- [Problem requirements] Using the data below, copy each line that includes the word "linetype".

--- Record set ---

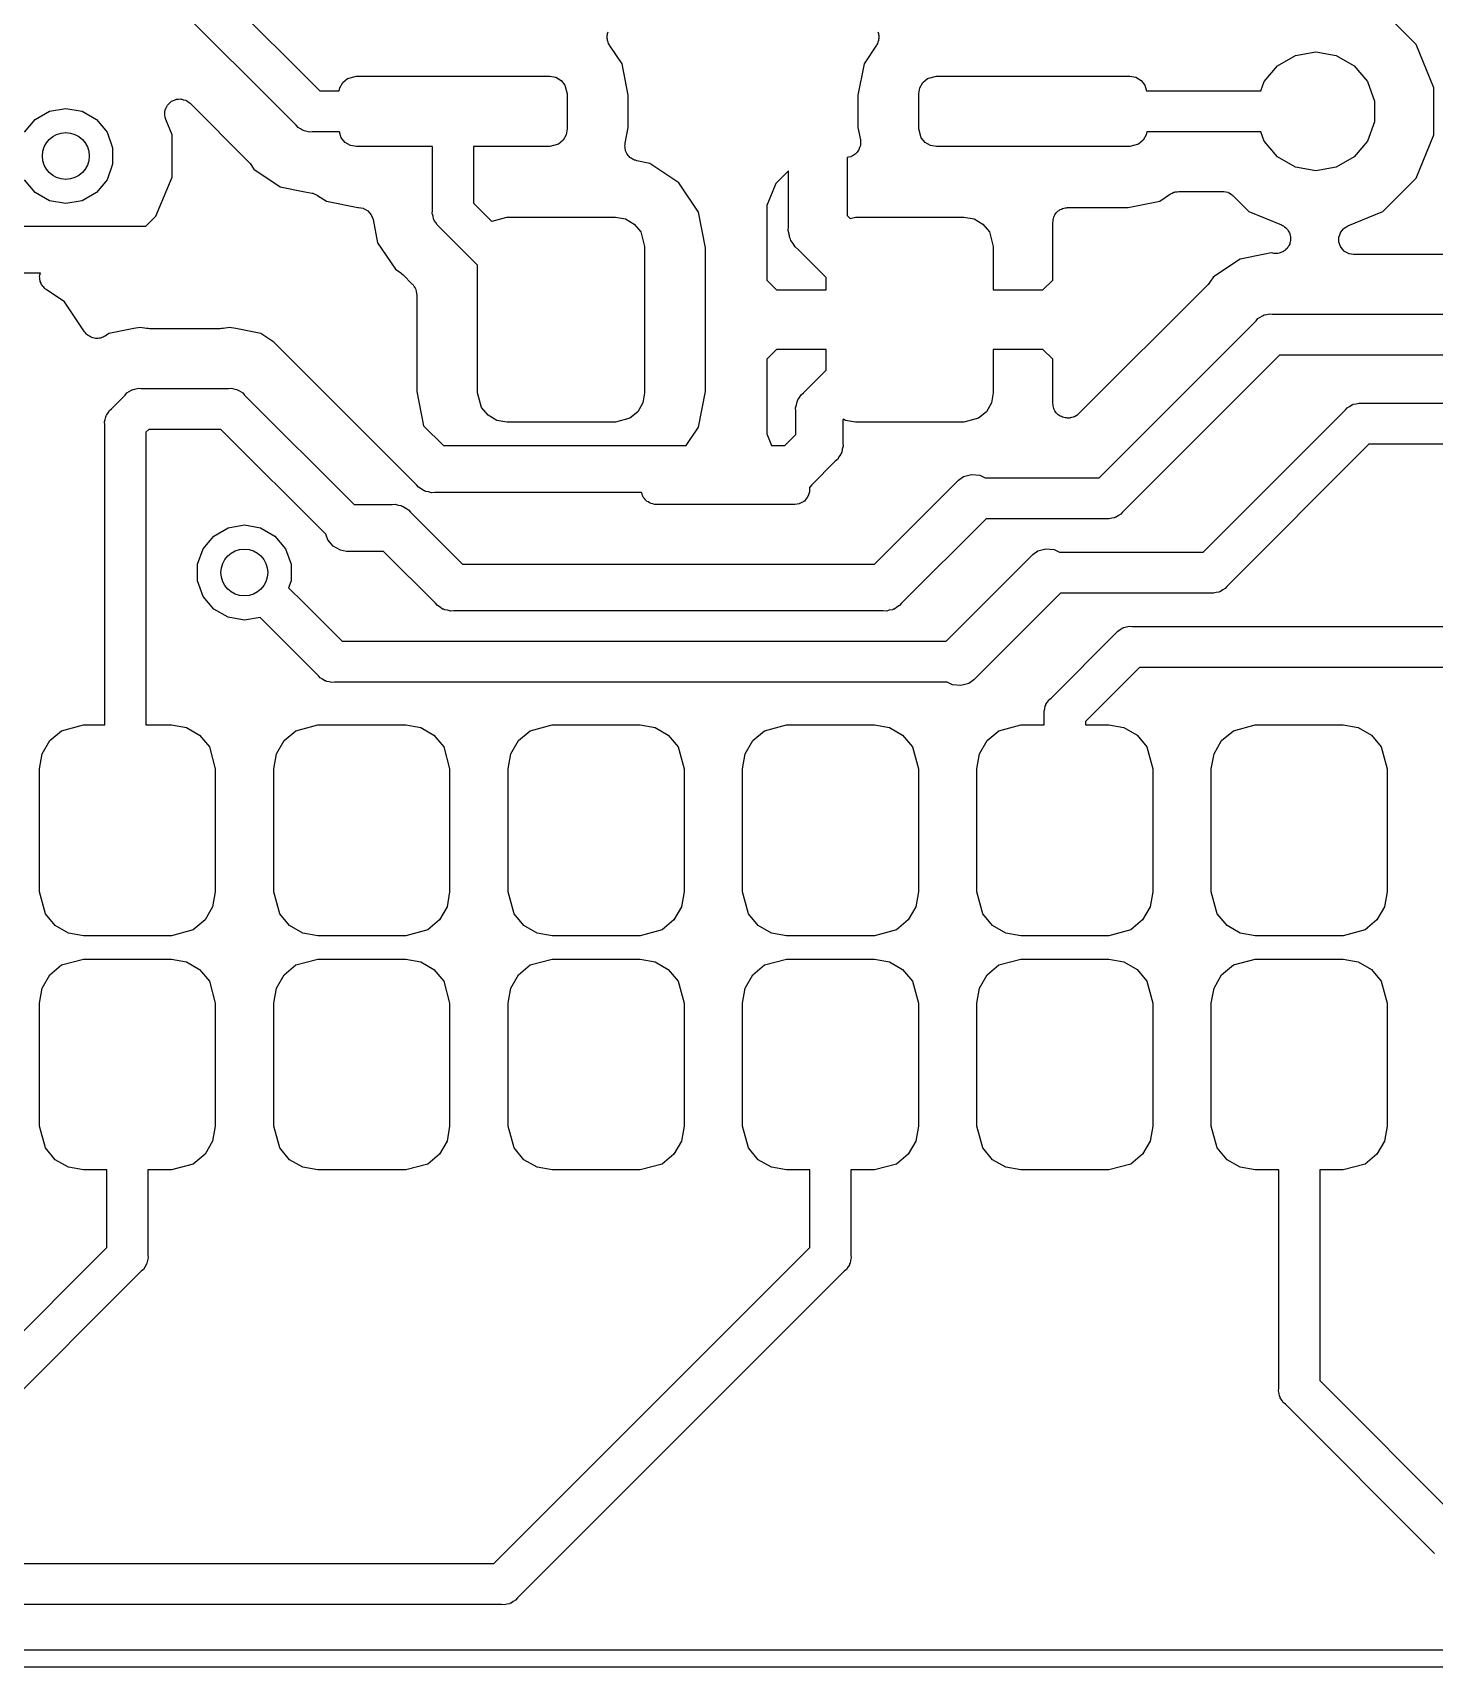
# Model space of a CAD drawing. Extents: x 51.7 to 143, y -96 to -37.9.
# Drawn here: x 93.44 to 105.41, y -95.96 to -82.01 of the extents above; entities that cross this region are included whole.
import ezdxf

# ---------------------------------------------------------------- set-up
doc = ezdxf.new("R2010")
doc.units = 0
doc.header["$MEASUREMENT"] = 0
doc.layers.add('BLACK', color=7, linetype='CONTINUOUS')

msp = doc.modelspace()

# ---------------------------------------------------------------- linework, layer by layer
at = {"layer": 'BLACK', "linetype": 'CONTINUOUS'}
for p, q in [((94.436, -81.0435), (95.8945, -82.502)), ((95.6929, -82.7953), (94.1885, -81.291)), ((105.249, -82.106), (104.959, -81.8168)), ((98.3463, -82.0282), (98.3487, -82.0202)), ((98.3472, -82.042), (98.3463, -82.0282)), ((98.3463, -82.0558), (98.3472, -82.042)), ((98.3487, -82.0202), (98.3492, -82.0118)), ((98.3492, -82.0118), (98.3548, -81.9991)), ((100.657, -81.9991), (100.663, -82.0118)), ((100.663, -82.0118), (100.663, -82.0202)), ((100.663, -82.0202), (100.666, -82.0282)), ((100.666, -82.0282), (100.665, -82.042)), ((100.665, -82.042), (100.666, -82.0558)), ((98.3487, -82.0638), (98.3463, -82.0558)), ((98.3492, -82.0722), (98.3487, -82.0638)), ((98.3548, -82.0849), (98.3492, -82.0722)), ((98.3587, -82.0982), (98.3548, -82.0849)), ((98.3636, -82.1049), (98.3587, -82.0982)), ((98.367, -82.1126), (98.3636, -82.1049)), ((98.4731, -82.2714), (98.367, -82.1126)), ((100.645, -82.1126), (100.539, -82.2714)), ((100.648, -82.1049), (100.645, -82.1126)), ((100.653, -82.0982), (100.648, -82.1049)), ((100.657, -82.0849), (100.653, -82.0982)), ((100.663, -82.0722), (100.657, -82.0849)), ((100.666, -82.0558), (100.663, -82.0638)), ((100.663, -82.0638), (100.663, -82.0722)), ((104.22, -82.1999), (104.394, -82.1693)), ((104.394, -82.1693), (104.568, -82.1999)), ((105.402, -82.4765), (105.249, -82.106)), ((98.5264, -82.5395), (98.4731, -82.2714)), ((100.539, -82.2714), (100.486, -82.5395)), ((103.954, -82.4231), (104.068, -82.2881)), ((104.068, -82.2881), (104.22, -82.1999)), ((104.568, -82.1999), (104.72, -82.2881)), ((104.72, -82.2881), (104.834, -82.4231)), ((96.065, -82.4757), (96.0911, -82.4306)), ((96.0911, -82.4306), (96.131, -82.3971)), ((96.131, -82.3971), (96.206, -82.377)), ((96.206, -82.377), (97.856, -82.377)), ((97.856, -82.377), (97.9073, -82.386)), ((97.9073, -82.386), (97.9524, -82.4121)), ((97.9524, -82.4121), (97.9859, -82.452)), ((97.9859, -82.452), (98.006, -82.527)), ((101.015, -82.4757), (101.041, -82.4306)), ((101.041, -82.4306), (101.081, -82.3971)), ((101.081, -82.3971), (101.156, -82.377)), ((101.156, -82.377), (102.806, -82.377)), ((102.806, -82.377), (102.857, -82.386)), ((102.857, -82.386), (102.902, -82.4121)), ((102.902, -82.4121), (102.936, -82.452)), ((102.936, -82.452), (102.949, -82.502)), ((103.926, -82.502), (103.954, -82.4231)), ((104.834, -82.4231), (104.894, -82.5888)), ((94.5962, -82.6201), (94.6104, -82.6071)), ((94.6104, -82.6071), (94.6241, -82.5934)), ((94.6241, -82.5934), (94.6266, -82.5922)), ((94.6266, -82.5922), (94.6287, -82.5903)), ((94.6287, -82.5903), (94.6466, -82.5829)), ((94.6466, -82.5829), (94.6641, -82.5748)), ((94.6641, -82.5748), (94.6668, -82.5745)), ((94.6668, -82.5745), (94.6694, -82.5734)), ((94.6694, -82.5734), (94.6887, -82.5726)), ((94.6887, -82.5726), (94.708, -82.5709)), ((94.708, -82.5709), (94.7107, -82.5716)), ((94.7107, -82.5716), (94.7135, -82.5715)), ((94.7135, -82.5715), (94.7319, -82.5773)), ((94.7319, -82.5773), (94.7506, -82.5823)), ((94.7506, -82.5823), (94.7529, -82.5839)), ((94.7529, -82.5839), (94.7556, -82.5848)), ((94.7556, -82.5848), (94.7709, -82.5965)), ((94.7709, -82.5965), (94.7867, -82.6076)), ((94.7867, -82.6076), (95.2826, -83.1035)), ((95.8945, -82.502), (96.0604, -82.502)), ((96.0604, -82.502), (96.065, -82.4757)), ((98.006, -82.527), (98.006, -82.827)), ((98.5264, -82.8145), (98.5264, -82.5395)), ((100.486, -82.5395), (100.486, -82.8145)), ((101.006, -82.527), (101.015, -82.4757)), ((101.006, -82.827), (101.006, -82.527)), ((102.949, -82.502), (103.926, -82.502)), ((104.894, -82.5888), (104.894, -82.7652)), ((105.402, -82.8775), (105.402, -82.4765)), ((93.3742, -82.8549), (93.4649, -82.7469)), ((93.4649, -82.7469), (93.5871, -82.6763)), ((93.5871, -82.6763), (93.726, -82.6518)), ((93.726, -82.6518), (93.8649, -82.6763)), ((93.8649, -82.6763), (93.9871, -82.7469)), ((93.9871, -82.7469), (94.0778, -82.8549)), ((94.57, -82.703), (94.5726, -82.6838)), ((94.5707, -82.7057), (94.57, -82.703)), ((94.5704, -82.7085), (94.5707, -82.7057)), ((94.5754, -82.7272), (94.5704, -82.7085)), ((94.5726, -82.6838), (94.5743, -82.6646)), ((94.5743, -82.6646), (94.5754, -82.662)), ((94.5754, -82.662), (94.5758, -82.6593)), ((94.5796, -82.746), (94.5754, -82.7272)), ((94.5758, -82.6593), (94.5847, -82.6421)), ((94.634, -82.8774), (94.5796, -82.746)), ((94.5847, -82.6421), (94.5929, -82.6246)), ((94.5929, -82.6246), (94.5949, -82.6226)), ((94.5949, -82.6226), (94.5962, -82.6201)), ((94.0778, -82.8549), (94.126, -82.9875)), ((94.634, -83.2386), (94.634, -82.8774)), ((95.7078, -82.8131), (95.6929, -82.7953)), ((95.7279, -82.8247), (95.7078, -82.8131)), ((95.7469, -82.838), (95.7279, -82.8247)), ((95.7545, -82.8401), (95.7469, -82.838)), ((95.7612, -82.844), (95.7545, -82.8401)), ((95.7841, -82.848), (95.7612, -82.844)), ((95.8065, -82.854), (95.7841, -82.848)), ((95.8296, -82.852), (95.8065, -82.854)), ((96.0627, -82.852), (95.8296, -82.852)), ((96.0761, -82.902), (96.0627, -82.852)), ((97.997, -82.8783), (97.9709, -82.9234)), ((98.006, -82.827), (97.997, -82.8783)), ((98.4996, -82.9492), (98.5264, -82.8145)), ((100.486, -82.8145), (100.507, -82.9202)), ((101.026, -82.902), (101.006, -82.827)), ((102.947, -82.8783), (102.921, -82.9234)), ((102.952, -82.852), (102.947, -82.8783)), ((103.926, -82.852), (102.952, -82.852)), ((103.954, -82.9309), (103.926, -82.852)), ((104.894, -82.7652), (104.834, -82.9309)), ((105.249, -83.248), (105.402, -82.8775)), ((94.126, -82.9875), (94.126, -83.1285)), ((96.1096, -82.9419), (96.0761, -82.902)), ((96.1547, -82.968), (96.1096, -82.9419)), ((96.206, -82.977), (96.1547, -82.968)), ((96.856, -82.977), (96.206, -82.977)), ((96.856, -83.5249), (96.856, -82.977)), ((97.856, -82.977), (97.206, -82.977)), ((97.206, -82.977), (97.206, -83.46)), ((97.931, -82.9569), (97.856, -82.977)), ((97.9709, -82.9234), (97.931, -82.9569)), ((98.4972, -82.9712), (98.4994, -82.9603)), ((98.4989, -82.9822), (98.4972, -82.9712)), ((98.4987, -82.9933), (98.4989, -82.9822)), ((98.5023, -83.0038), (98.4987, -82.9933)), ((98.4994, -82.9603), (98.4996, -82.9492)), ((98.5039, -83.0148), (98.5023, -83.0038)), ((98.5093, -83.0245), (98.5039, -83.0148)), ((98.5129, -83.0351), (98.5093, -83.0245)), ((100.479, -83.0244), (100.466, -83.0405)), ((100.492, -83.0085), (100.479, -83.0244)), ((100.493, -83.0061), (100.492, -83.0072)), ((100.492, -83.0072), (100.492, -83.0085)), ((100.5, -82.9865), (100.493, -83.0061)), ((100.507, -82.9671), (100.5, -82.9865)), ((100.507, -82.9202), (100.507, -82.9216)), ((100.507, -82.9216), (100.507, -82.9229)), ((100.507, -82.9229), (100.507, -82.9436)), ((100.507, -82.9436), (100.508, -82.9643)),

---

- [Exercise result]
doc.layers.add('BLACK', color=7, linetype='CONTINUOUS')
at = {"layer": 'BLACK', "linetype": 'CONTINUOUS'}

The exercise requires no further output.